Towards Circular Batteries: Investigating Particle-Size Based Separation of Active Materials from spent Li-ion batteries

Abstract

With the enormous growth of portable electronics and the market expansion of electric vehicles, the demand for lithium-ion batteries is increasing enormously. To meet this demand, efficient recovery of battery components becomes crucial. Graphite, the material of choice for lithium-ion battery anodes, faces significant supply risks as current recycling technologies primarily focus on recovering economically valuable metal components like cobalt and nickel. Therefore, the effective separation of graphite from lithium-ion batteries is essential for recycling and reusing anode materials. The key to the direct recycling of graphite is the separation of the finest material fractions of Li-ion batteries: the anode and cathode. This work tests a circular battery manufacturing principle based on the idea that the an ode and cathode could be designed to have a difference in particle size to allow easy separation by centrifugation.
We analysed the particle sizes of anode and cathode material obtained from a spent Li-ion battery. A shift in particle size distributions is observed by grinding the materials, significantly reducing the particle sizes. We calculated the velocity distributions using Stokes’ formula for the settling velocity of spherical particles in dilute suspensions from these size distributions. Combining the velocity distributions for the anode andcathode showed the overlap of the velocities. A combination of milled and unmilled material shows the smallest overlap between the velocity distributions and, therefore, the largest difference in sedimentation velocity and the highest theoretical separation.

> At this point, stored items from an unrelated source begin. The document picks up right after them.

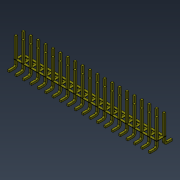
# Autodesk Inventor part: T-1S6-16(-01-20-DV)
Saved by Autodesk Inventor 2022.1 (Build 261234020, 234B)
## iProperties
Created: 2015-08-01
Part Number: T-1S6-16(-01-20-DV)
Catalog Web Link: www.cadenas.de
Description: TSM Series Terminal-TSM Series - (2,54 mm) .100" Surface Mount Terminal .025" Square Post Header
Vendor: SAMTEC
Document SubType Name: Modeling
Designer: PARTuser1
Manufacturer: SAMTEC
Mass: 0.198411 g
Surface Area: 13.9569 cm^2
Volume: 0.198411 cm^3
Density: 1 g/cm^3
Material: Allgemein
Appearance: PSOLRGB-255-255-0
Category: PARTsolutions
Company: SAMTEC
PSOL_IDENT_0: {$CADENAS_DATA\23d-libs\samtec\modelling\tsm\parts\tsm_terminal.prj},210 {VTYP=3D},{NB=T-1S6-16(-01-
PSOL_IDENT_1: 20-DV)},{LINA=T-1S6-16(-01-20-DV)},{NN=TSM Series Terminal},{DATE=20.05.2015 06:36:02},{GEOMDATE=20.
PSOL_IDENT_2: 05.2015 06:36:00},{VERSION=},{LINEID=10},{LINESUBID=-1},{WBVAR=POS,LS,ROW,POLOPT}  {NB=T-1S6-16(-01-
PSOL_IDENT_3: 20-DV)},{LINA=T-1S6-16(-01-20-DV)},{KT=DUMMY},{PN=T-1S6-16},{POS=20},{LS=-01},{LSALG= '-01','-01','-
PSOL_IDENT_4: 02','-02','-03','-03','-04','-04' ,'-05','-05 (Non-standard option -  Please contact SAMTEC)' },{ROW=
PSOL_IDENT_5: -DV},{ROWALG= '-SV','-SV - Single Vertical', '-SH','-SH - Single Horizontal', '-DV' ,'-DV - Double V
PSOL_IDENT_6: ertical' ,'-DV-S' ,'-DV-S - Double Vertical Molded End Shrouds (Non-standard option -  Please contac
PSOL_IDENT_7: t SAMTEC)', '-DH', '-DH - Double Horizontal' ,  '-MT','-MT - Mixed Technology','-EM','-EM - Edge Mou
PSOL_IDENT_8: nt', '-TM','-TM - Triple Mixed Technology'  },{POLOPT=},{POLOPTALG= '','Not Selected','001','001','0
PSOL_IDENT_9: 02','002','003','003','004','004','005','005','006','006','007','007','008','008','009','009','010','
PSOL_IDENT_10: 010','011','011','012','012','013','013','014','014','015','015','016','016','017','017','018','018'
PSOL_IDENT_11: ,'019','019','020','020','021','021','022','022','023','023','024','024','025','025','026','026','02
PSOL_IDENT_12: 7','027','028','028','029','029','030','030','031','031','032','032','033','033','034','034','035','
PSOL_IDENT_13: 035','036','036','037','037','038','038','039','039','040','040' },{POLOPTMAX=480},{POLOPTMAX2='001'
PSOL_IDENT_14: ,'001','002','002','003','003','004','004','005','005','006','006','007','007','008','008','009','00
PSOL_IDENT_15: 9','010','010','011','011','012','012','013','013','014','014','015','015','016','016','017','017','
PSOL_IDENT_16: 018','018','019','019','020','020','021','021','022','022','023','023','024','024','025','025','026'
PSOL_IDENT_17: ,'026','027','027','028','028','029','029','030','030','031','031','032','032','033','033','034','03
PSOL_IDENT_18: 4','035','035','036','036','037','037','038','038','039','039','040','040'},{POLARIZE='001','001','0
PSOL_IDENT_19: 02','002','003','003','004','004','005','005','006','006','007','007','008','008','009','009','010','
PSOL_IDENT_20: 010','011','011','012','012','013','013','014','014','015','015','016','016','017','017','018','018'
PSOL_IDENT_21: ,'019','019','020','020','021','021','022','022','023','023','024','024','025','025','026','026','02
PSOL_IDENT_22: 7','027','028','028','029','029','030','030','031','031','032','032','033','033','034','034','035','
PSOL_IDENT_23: 035','036','036','037','037','038','038','039','039','040','040','041','041','042','042','043','043'
PSOL_IDENT_24: ,'044','044','045','045','046','046','047','047','048','048','049','049','050','050','051','051','05
PSOL_IDENT_25: 2','052','053','053','054','054','055','055','056','056','057','057','058','058','059','059','060','
PSOL_IDENT_26: 060','061','061','062','062','063','063','064','064','065','065','066','066','067','067','068','068'
PSOL_IDENT_27: ,'069','069','070','070','071','071','072','072','073','073','074','074','075','075','076','076','07
PSOL_IDENT_28: 7','077','078','078','079','079','080','080','081','081','082','082','083','083','084','084','085','
PSOL_IDENT_29: 085','086','086','087','087','088','088','089','089','090','090','091','091','092','092','093','093'
PSOL_IDENT_30: ,'094','094','095','095','096','096','097','097','098','098','099','099','100','100','101','101','10
PSOL_IDENT_31: 2','102','103','103','104','104','105','105','106','106','107','107','108','108','109','109','110','
PSOL_IDENT_32: 110','111','111','112','112','113','113','114','114','115','115','116','116','117','117','118','118'
PSOL_IDENT_33: ,'119','119','120','120','121','121','122','122','123','123','124','124','125','125','126','126','12
PSOL_IDENT_34: 7','127','128','128','129','129','130','130','131','131','132','132','133','133','134','134','135','
PSOL_IDENT_35: 135','136','136','137','137','138','138','139','139','140','140','141','141','142','142','143','143'
PSOL_IDENT_36: ,'144','144','145','145','146','146','147','147','148','148','149','149','150','150'},{POLOPTPN=},{P
PSOL_IDENT_37: OLOPTATOF=0},{BSH=0.230},{CSH=0.180},{BSV=0.230},{DMAXSV=0.208},{AEM=0.230},{POLOE=0},{CDHMT=0.230},
PSOL_IDENT_38: {BDVTM=0.23000},{CDV=0.30300},{POLTM=0}
NN: TSM Series Terminal
NT: TSM Series - (2,54 mm) .100" Surface Mount Terminal .025" Square Post Header
NB: T-1S6-16(-01-20-DV)
NBSYN: $PN.($LS.-$POS.$ROW.$POLOPT.)
LINA: T-1S6-16(-01-20-DV)
POS: 20
LS: -01
ROW: -DV - Double Vertical
POLOPT: Not Selected
SUPPLIER: SAMTEC
ARTICLENO: T-1S6-16(-01-20-DV)
BOMINFO: T-1S6-16(-01-20-DV)
CREATOR: CADENAS GmbH
Title: T-1S6-16(-01-20-DV)
Author: Cadenas PARTsolutions
Comments: TSM Series - (2,54 mm) .100" Surface Mount Terminal .025" Square Post Header
Autodesk Inventor part; units mm, degrees
sketch "Sketch_1" plane through (0, 0, 0) normal (1, 0, 0) x (0, 1, 0)
  line L0 (0.635, 2.5781) -> (0, 2.5781)
  line L1 (0, 2.5781) -> (0, 0.6985)
  arc A0 (0, 0.6985) -> (1.016, -0.3175) centre (1.016, 0.6985) ccw
  line L2 (1.016, -0.3175) -> (9.652, -0.3175)
  line L3 (9.652, -0.3175) -> (9.652, 0.3175)
  line L4 (9.652, 0.3175) -> (1.143, 0.3175)
  arc A1 (0.635, 0.8255) -> (1.143, 0.3175) centre (1.143, 0.8255) ccw
  line L5 (0.635, 0.8255) -> (0.635, 2.5781)
  constraints: 12 end point, 4 point on circle, 2 centre point
extrude "Extrusion1" add sketch "Sketch_1" along normal mid plane 48.895
sketch "Sketch_4" plane through (0, 2.54, 0) normal (0, 1, 0) x (1, 0, 0)
  line L0 (-24.4983, 2.9083) -> (-24.4983, -0.3683)
  line L1 (-24.4983, -0.3683) -> (24.4983, -0.3683)
  line L2 (24.4983, -0.3683) -> (24.4983, 2.9083)
  line L3 (24.4983, 2.9083) -> (-24.4983, 2.9083)
  line L4 (21.9583, 2.1717) -> (21.9583, 0.3683)
  line L5 (21.9583, 0.3683) -> (23.7617, 0.3683)
  line L6 (23.7617, 0.3683) -> (23.7617, 2.1717)
  line L7 (23.7617, 2.1717) -> (21.9583, 2.1717)
  line L8 (19.4183, 2.1717) -> (19.4183, 0.3683)
  line L9 (19.4183, 0.3683) -> (21.2217, 0.3683)
  line L10 (21.2217, 0.3683) -> (21.2217, 2.1717)
  line L11 (21.2217, 2.1717) -> (19.4183, 2.1717)
  line L12 (16.8783, 2.1717) -> (16.8783, 0.3683)
  line L13 (16.8783, 0.3683) -> (18.6817, 0.3683)
  line L14 (18.6817, 0.3683) -> (18.6817, 2.1717)
  line L15 (18.6817, 2.1717) -> (16.8783, 2.1717)
  line L16 (14.3383, 2.1717) -> (14.3383, 0.3683)
  line L17 (14.3383, 0.3683) -> (16.1417, 0.3683)
  line L18 (16.1417, 0.3683) -> (16.1417, 2.1717)
  line L19 (16.1417, 2.1717) -> (14.3383, 2.1717)
  line L20 (11.7983, 2.1717) -> (11.7983, 0.3683)
  line L21 (11.7983, 0.3683) -> (13.6017, 0.3683)
  line L22 (13.6017, 0.3683) -> (13.6017, 2.1717)
  line L23 (13.6017, 2.1717) -> (11.7983, 2.1717)
  line L24 (9.2583, 2.1717) -> (9.2583, 0.3683)
  line L25 (9.2583, 0.3683) -> (11.0617, 0.3683)
  line L26 (11.0617, 0.3683) -> (11.0617, 2.1717)
  line L27 (11.0617, 2.1717) -> (9.2583, 2.1717)
  line L28 (6.7183, 2.1717) -> (6.7183, 0.3683)
  line L29 (6.7183, 0.3683) -> (8.5217, 0.3683)
  line L30 (8.5217, 0.3683) -> (8.5217, 2.1717)
  line L31 (8.5217, 2.1717) -> (6.7183, 2.1717)
  line L32 (4.1783, 2.1717) -> (4.1783, 0.3683)
  line L33 (4.1783, 0.3683) -> (5.9817, 0.3683)
  line L34 (5.9817, 0.3683) -> (5.9817, 2.1717)
  line L35 (5.9817, 2.1717) -> (4.1783, 2.1717)
  line L36 (1.6383, 2.1717) -> (1.6383, 0.3683)
  line L37 (1.6383, 0.3683) -> (3.4417, 0.3683)
  line L38 (3.4417, 0.3683) -> (3.4417, 2.1717)
  line L39 (3.4417, 2.1717) -> (1.6383, 2.1717)
  line L40 (-0.9017, 2.1717) -> (-0.9017, 0.3683)
  line L41 (-0.9017, 0.3683) -> (0.9017, 0.3683)
  line L42 (0.9017, 0.3683) -> (0.9017, 2.1717)
  line L43 (0.9017, 2.1717) -> (-0.9017, 2.1717)
  line L44 (-3.4417, 2.1717) -> (-3.4417, 0.3683)
  line L45 (-3.4417, 0.3683) -> (-1.6383, 0.3683)
  line L46 (-1.6383, 0.3683) -> (-1.6383, 2.1717)
  line L47 (-1.6383, 2.1717) -> (-3.4417, 2.1717)
  line L48 (-5.9817, 2.1717) -> (-5.9817, 0.3683)
  line L49 (-5.9817, 0.3683) -> (-4.1783, 0.3683)
  line L50 (-4.1783, 0.3683) -> (-4.1783, 2.1717)
  line L51 (-4.1783, 2.1717) -> (-5.9817, 2.1717)
  line L52 (-8.5217, 2.1717) -> (-8.5217, 0.3683)
  line L53 (-8.5217, 0.3683) -> (-6.7183, 0.3683)
  line L54 (-6.7183, 0.3683) -> (-6.7183, 2.1717)
  line L55 (-6.7183, 2.1717) -> (-8.5217, 2.1717)
  line L56 (-11.0617, 2.1717) -> (-11.0617, 0.3683)
  line L57 (-11.0617, 0.3683) -> (-9.2583, 0.3683)
  line L58 (-9.2583, 0.3683) -> (-9.2583, 2.1717)
  line L59 (-9.2583, 2.1717) -> (-11.0617, 2.1717)
  line L60 (-13.6017, 2.1717) -> (-13.6017, 0.3683)
  line L61 (-13.6017, 0.3683) -> (-11.7983, 0.3683)
  line L62 (-11.7983, 0.3683) -> (-11.7983, 2.1717)
  line L63 (-11.7983, 2.1717) -> (-13.6017, 2.1717)
  line L64 (-16.1417, 2.1717) -> (-16.1417, 0.3683)
  line L65 (-16.1417, 0.3683) -> (-14.3383, 0.3683)
  line L66 (-14.3383, 0.3683) -> (-14.3383, 2.1717)
  line L67 (-14.3383, 2.1717) -> (-16.1417, 2.1717)
  line L68 (-18.6817, 2.1717) -> (-18.6817, 0.3683)
  line L69 (-18.6817, 0.3683) -> (-16.8783, 0.3683)
  line L70 (-16.8783, 0.3683) -> (-16.8783, 2.1717)
  line L71 (-16.8783, 2.1717) -> (-18.6817, 2.1717)
  line L72 (-21.2217, 2.1717) -> (-21.2217, 0.3683)
  line L73 (-21.2217, 0.3683) -> (-19.4183, 0.3683)
  line L74 (-19.4183, 0.3683) -> (-19.4183, 2.1717)
  line L75 (-19.4183, 2.1717) -> (-21.2217, 2.1717)
  line L76 (-23.7617, 2.1717) -> (-23.7617, 0.3683)
  line L77 (-23.7617, 0.3683) -> (-21.9583, 0.3683)
  line L78 (-21.9583, 0.3683) -> (-21.9583, 2.1717)
  line L79 (-21.9583, 2.1717) -> (-23.7617, 2.1717)
  constraints: 160 end point
extrude "Extrusion2" add sketch "Sketch_4" along normal blind 0.127
sketch "Sketch_5" plane through (0, 0, 0) normal (1, 0, 0) x (0, 1, 0)
  arc A0 (1.016, -2.2225) -> (0, -3.2385) centre (1.016, -3.2385) ccw
  line L0 (0, -3.2385) -> (0, -5.1181)
  line L1 (0, -5.1181) -> (0.635, -5.1181)
  line L2 (0.635, -5.1181) -> (0.635, -3.3655)
  arc A1 (1.143, -2.8575) -> (0.635, -3.3655) centre (1.143, -3.3655) ccw
  line L3 (1.143, -2.8575) -> (9.652, -2.8575)
  line L4 (9.652, -2.8575) -> (9.652, -2.2225)
  line L5 (9.652, -2.2225) -> (1.016, -2.2225)
  constraints: 12 end point, 4 point on circle, 2 centre point
extrude "Extrusion3" add sketch "Sketch_5" along normal mid plane 48.895
sketch "Sketch_7" plane through (0, 0, 0) normal (0, 0, 1) x (1, 0, 0)
  line L0 (-23.8125, 18.0594) -> (-23.8125, 2.667)
  line L1 (-23.8125, 2.667) -> (-21.9075, 2.667)
  line L2 (-21.9075, 2.667) -> (-21.9075, 15.3924)
  line L3 (-21.9075, 15.3924) -> (-21.2725, 15.3924)
  line L4 (-21.2725, 15.3924) -> (-21.2725, 2.667)
  line L5 (-21.2725, 2.667) -> (-19.3675, 2.667)
  line L6 (-19.3675, 2.667) -> (-19.3675, 15.3924)
  line L7 (-19.3675, 15.3924) -> (-18.7325, 15.3924)
  line L8 (-18.7325, 15.3924) -> (-18.7325, 2.667)
  line L9 (-18.7325, 2.667) -> (-16.8275, 2.667)
  line L10 (-16.8275, 2.667) -> (-16.8275, 15.3924)
  line L11 (-16.8275, 15.3924) -> (-16.1925, 15.3924)
  line L12 (-16.1925, 15.3924) -> (-16.1925, 2.667)
  line L13 (-16.1925, 2.667) -> (-14.2875, 2.667)
  line L14 (-14.2875, 2.667) -> (-14.2875, 15.3924)
  line L15 (-14.2875, 15.3924) -> (-13.6525, 15.3924)
  line L16 (-13.6525, 15.3924) -> (-13.6525, 2.667)
  line L17 (-13.6525, 2.667) -> (-11.7475, 2.667)
  line L18 (-11.7475, 2.667) -> (-11.7475, 15.3924)
  line L19 (-11.7475, 15.3924) -> (-11.1125, 15.3924)
  line L20 (-11.1125, 15.3924) -> (-11.1125, 2.667)
  line L21 (-11.1125, 2.667) -> (-9.2075, 2.667)
  line L22 (-9.2075, 2.667) -> (-9.2075, 15.3924)
  line L23 (-9.2075, 15.3924) -> (-8.5725, 15.3924)
  line L24 (-8.5725, 15.3924) -> (-8.5725, 2.667)
  line L25 (-8.5725, 2.667) -> (-6.6675, 2.667)
  line L26 (-6.6675, 2.667) -> (-6.6675, 15.3924)
  line L27 (-6.6675, 15.3924) -> (-6.0325, 15.3924)
  line L28 (-6.0325, 15.3924) -> (-6.0325, 2.667)
  line L29 (-6.0325, 2.667) -> (-4.1275, 2.667)
  line L30 (-4.1275, 2.667) -> (-4.1275, 15.3924)
  line L31 (-4.1275, 15.3924) -> (-3.4925, 15.3924)
  line L32 (-3.4925, 15.3924) -> (-3.4925, 2.667)
  line L33 (-3.4925, 2.667) -> (-1.5875, 2.667)
  line L34 (-1.5875, 2.667) -> (-1.5875, 15.3924)
  line L35 (-1.5875, 15.3924) -> (-0.9525, 15.3924)
  line L36 (-0.9525, 15.3924) -> (-0.9525, 2.667)
  line L37 (-0.9525, 2.667) -> (0.9525, 2.667)
  line L38 (0.9525, 2.667) -> (0.9525, 15.3924)
  line L39 (0.9525, 15.3924) -> (1.5875, 15.3924)
  line L40 (1.5875, 15.3924) -> (1.5875, 2.667)
  line L41 (1.5875, 2.667) -> (3.4925, 2.667)
  line L42 (3.4925, 2.667) -> (3.4925, 15.3924)
  line L43 (3.4925, 15.3924) -> (4.1275, 15.3924)
  line L44 (4.1275, 15.3924) -> (4.1275, 2.667)
  line L45 (4.1275, 2.667) -> (6.0325, 2.667)
  line L46 (6.0325, 2.667) -> (6.0325, 15.3924)
  line L47 (6.0325, 15.3924) -> (6.6675, 15.3924)
  line L48 (6.6675, 15.3924) -> (6.6675, 2.667)
  line L49 (6.6675, 2.667) -> (8.5725, 2.667)
  line L50 (8.5725, 2.667) -> (8.5725, 15.3924)
  line L51 (8.5725, 15.3924) -> (9.2075, 15.3924)
  line L52 (9.2075, 15.3924) -> (9.2075, 2.667)
  line L53 (9.2075, 2.667) -> (11.1125, 2.667)
  line L54 (11.1125, 2.667) -> (11.1125, 15.3924)
  line L55 (11.1125, 15.3924) -> (11.7475, 15.3924)
  line L56 (11.7475, 15.3924) -> (11.7475, 2.667)
  line L57 (11.7475, 2.667) -> (13.6525, 2.667)
  line L58 (13.6525, 2.667) -> (13.6525, 15.3924)
  line L59 (13.6525, 15.3924) -> (14.2875, 15.3924)
  line L60 (14.2875, 15.3924) -> (14.2875, 2.667)
  line L61 (14.2875, 2.667) -> (16.1925, 2.667)
  line L62 (16.1925, 2.667) -> (16.1925, 15.3924)
  line L63 (16.1925, 15.3924) -> (16.8275, 15.3924)
  line L64 (16.8275, 15.3924) -> (16.8275, 2.667)
  line L65 (16.8275, 2.667) -> (18.7325, 2.667)
  line L66 (18.7325, 2.667) -> (18.7325, 15.3924)
  line L67 (18.7325, 15.3924) -> (19.3675, 15.3924)
  line L68 (19.3675, 15.3924) -> (19.3675, 2.667)
  line L69 (19.3675, 2.667) -> (21.2725, 2.667)
  line L70 (21.2725, 2.667) -> (21.2725, 15.3924)
  line L71 (21.2725, 15.3924) -> (21.9075, 15.3924)
  line L72 (21.9075, 15.3924) -> (21.9075, 2.667)
  line L73 (21.9075, 2.667) -> (23.8125, 2.667)
  line L74 (23.8125, 2.667) -> (23.8125, 18.0594)
  line L75 (23.8125, 18.0594) -> (-23.8125, 18.0594)
  constraints: 152 end point
extrude "Extrusion4" cut sketch "Sketch_7" along normal mid plane 10.16
sketch "Sketch_8" plane through (0, 0, 0) normal (0, 0, 1) x (1, 0, 0)
  line L0 (-23.8125, -12.8524) -> (23.8125, -12.8524)
  line L1 (23.8125, -12.8524) -> (23.8125, 2.54)
  line L2 (23.8125, 2.54) -> (21.9075, 2.54)
  line L3 (21.9075, 2.54) -> (21.9075, -12.5984)
  line L4 (21.9075, -12.5984) -> (21.2725, -12.5984)
  line L5 (21.2725, -12.5984) -> (21.2725, 2.54)
  line L6 (21.2725, 2.54) -> (19.3675, 2.54)
  line L7 (19.3675, 2.54) -> (19.3675, -12.5984)
  line L8 (19.3675, -12.5984) -> (18.7325, -12.5984)
  line L9 (18.7325, -12.5984) -> (18.7325, 2.54)
  line L10 (18.7325, 2.54) -> (16.8275, 2.54)
  line L11 (16.8275, 2.54) -> (16.8275, -12.5984)
  line L12 (16.8275, -12.5984) -> (16.1925, -12.5984)
  line L13 (16.1925, -12.5984) -> (16.1925, 2.54)
  line L14 (16.1925, 2.54) -> (14.2875, 2.54)
  line L15 (14.2875, 2.54) -> (14.2875, -12.5984)
  line L16 (14.2875, -12.5984) -> (13.6525, -12.5984)
  line L17 (13.6525, -12.5984) -> (13.6525, 2.54)
  line L18 (13.6525, 2.54) -> (11.7475, 2.54)
  line L19 (11.7475, 2.54) -> (11.7475, -12.5984)
  line L20 (11.7475, -12.5984) -> (11.1125, -12.5984)
  line L21 (11.1125, -12.5984) -> (11.1125, 2.54)
  line L22 (11.1125, 2.54) -> (9.2075, 2.54)
  line L23 (9.2075, 2.54) -> (9.2075, -12.5984)
  line L24 (9.2075, -12.5984) -> (8.5725, -12.5984)
  line L25 (8.5725, -12.5984) -> (8.5725, 2.54)
  line L26 (8.5725, 2.54) -> (6.6675, 2.54)
  line L27 (6.6675, 2.54) -> (6.6675, -12.5984)
  line L28 (6.6675, -12.5984) -> (6.0325, -12.5984)
  line L29 (6.0325, -12.5984) -> (6.0325, 2.54)
  line L30 (6.0325, 2.54) -> (4.1275, 2.54)
  line L31 (4.1275, 2.54) -> (4.1275, -12.5984)
  line L32 (4.1275, -12.5984) -> (3.4925, -12.5984)
  line L33 (3.4925, -12.5984) -> (3.4925, 2.54)
  line L34 (3.4925, 2.54) -> (1.5875, 2.54)
  line L35 (1.5875, 2.54) -> (1.5875, -12.5984)
  line L36 (1.5875, -12.5984) -> (0.9525, -12.5984)
  line L37 (0.9525, -12.5984) -> (0.9525, 2.54)
  line L38 (0.9525, 2.54) -> (-0.9525, 2.54)
  line L39 (-0.9525, 2.54) -> (-0.9525, -12.5984)
  line L40 (-0.9525, -12.5984) -> (-1.5875, -12.5984)
  line L41 (-1.5875, -12.5984) -> (-1.5875, 2.54)
  line L42 (-1.5875, 2.54) -> (-3.4925, 2.54)
  line L43 (-3.4925, 2.54) -> (-3.4925, -12.5984)
  line L44 (-3.4925, -12.5984) -> (-4.1275, -12.5984)
  line L45 (-4.1275, -12.5984) -> (-4.1275, 2.54)
  line L46 (-4.1275, 2.54) -> (-6.0325, 2.54)
  line L47 (-6.0325, 2.54) -> (-6.0325, -12.5984)
  line L48 (-6.0325, -12.5984) -> (-6.6675, -12.5984)
  line L49 (-6.6675, -12.5984) -> (-6.6675, 2.54)
  line L50 (-6.6675, 2.54) -> (-8.5725, 2.54)
  line L51 (-8.5725, 2.54) -> (-8.5725, -12.5984)
  line L52 (-8.5725, -12.5984) -> (-9.2075, -12.5984)
  line L53 (-9.2075, -12.5984) -> (-9.2075, 2.54)
  line L54 (-9.2075, 2.54) -> (-11.1125, 2.54)
  line L55 (-11.1125, 2.54) -> (-11.1125, -12.5984)
  line L56 (-11.1125, -12.5984) -> (-11.7475, -12.5984)
  line L57 (-11.7475, -12.5984) -> (-11.7475, 2.54)
  line L58 (-11.7475, 2.54) -> (-13.6525, 2.54)
  line L59 (-13.6525, 2.54) -> (-13.6525, -12.5984)
  line L60 (-13.6525, -12.5984) -> (-14.2875, -12.5984)
  line L61 (-14.2875, -12.5984) -> (-14.2875, 2.54)
  line L62 (-14.2875, 2.54) -> (-16.1925, 2.54)
  line L63 (-16.1925, 2.54) -> (-16.1925, -12.5984)
  line L64 (-16.1925, -12.5984) -> (-16.8275, -12.5984)
  line L65 (-16.8275, -12.5984) -> (-16.8275, 2.54)
  line L66 (-16.8275, 2.54) -> (-18.7325, 2.54)
  line L67 (-18.7325, 2.54) -> (-18.7325, -12.5984)
  line L68 (-18.7325, -12.5984) -> (-19.3675, -12.5984)
  line L69 (-19.3675, -12.5984) -> (-19.3675, 2.54)
  line L70 (-19.3675, 2.54) -> (-21.2725, 2.54)
  line L71 (-21.2725, 2.54) -> (-21.2725, -12.5984)
  line L72 (-21.2725, -12.5984) -> (-21.9075, -12.5984)
  line L73 (-21.9075, -12.5984) -> (-21.9075, 2.54)
  line L74 (-21.9075, 2.54) -> (-23.8125, 2.54)
  line L75 (-23.8125, 2.54) -> (-23.8125, -12.8524)
  constraints: 152 end point
extrude "Extrusion5" cut sketch "Sketch_8" along normal mid plane 15.24
ref_plane "terminal_dv_XY" through (0, 2.54, -1.27) normal (0, 1, 0) x (1, 0, 0)
ref_plane "terminal_dv_YZ" through (0, 2.54, -1.27) normal (1, 0, 0) x (0, 0, -1)
ref_plane "terminal_dv_ZX" through (0, 2.54, -1.27) normal (0, 0, -1) x (0, 1, 0)
body "Solid1"

We measured the sedimentation of anode and cathode particles in water optically using a light source. A camera tracks the moving front of the dilute suspensions over time. Experiments of different milled samples for various concentrations show insights into the anode and cathode sedimentation behaviour. Results show that increasing concentration significantly reduces sedimentation velocities for the anode material. Theseresults deviate from what would be expected from the hindered settling of dilute suspension. A significant velocity reduction is measured for the milled anode and cathode, therefore showing the potential for separation if the materials have a marked difference in size.
In this thesis, a novel method is developed for characterising the sediment structure of the mixed active materials. By freezing sedimented suspensions, sample layers are horizontally cut off to look for the spreading of the different material components through the sediment. A combination of characterisation methods offers information about the anode and cathode fractions through the sediment layers. Significant differences between the sediment’s top and bottom layers regarding morphology, elemental components and thermal stability are observed.
The results show the potential for circular batteries in the future, where centrifugation can play a vital role in separating the electrode materials if they have a marked size difference.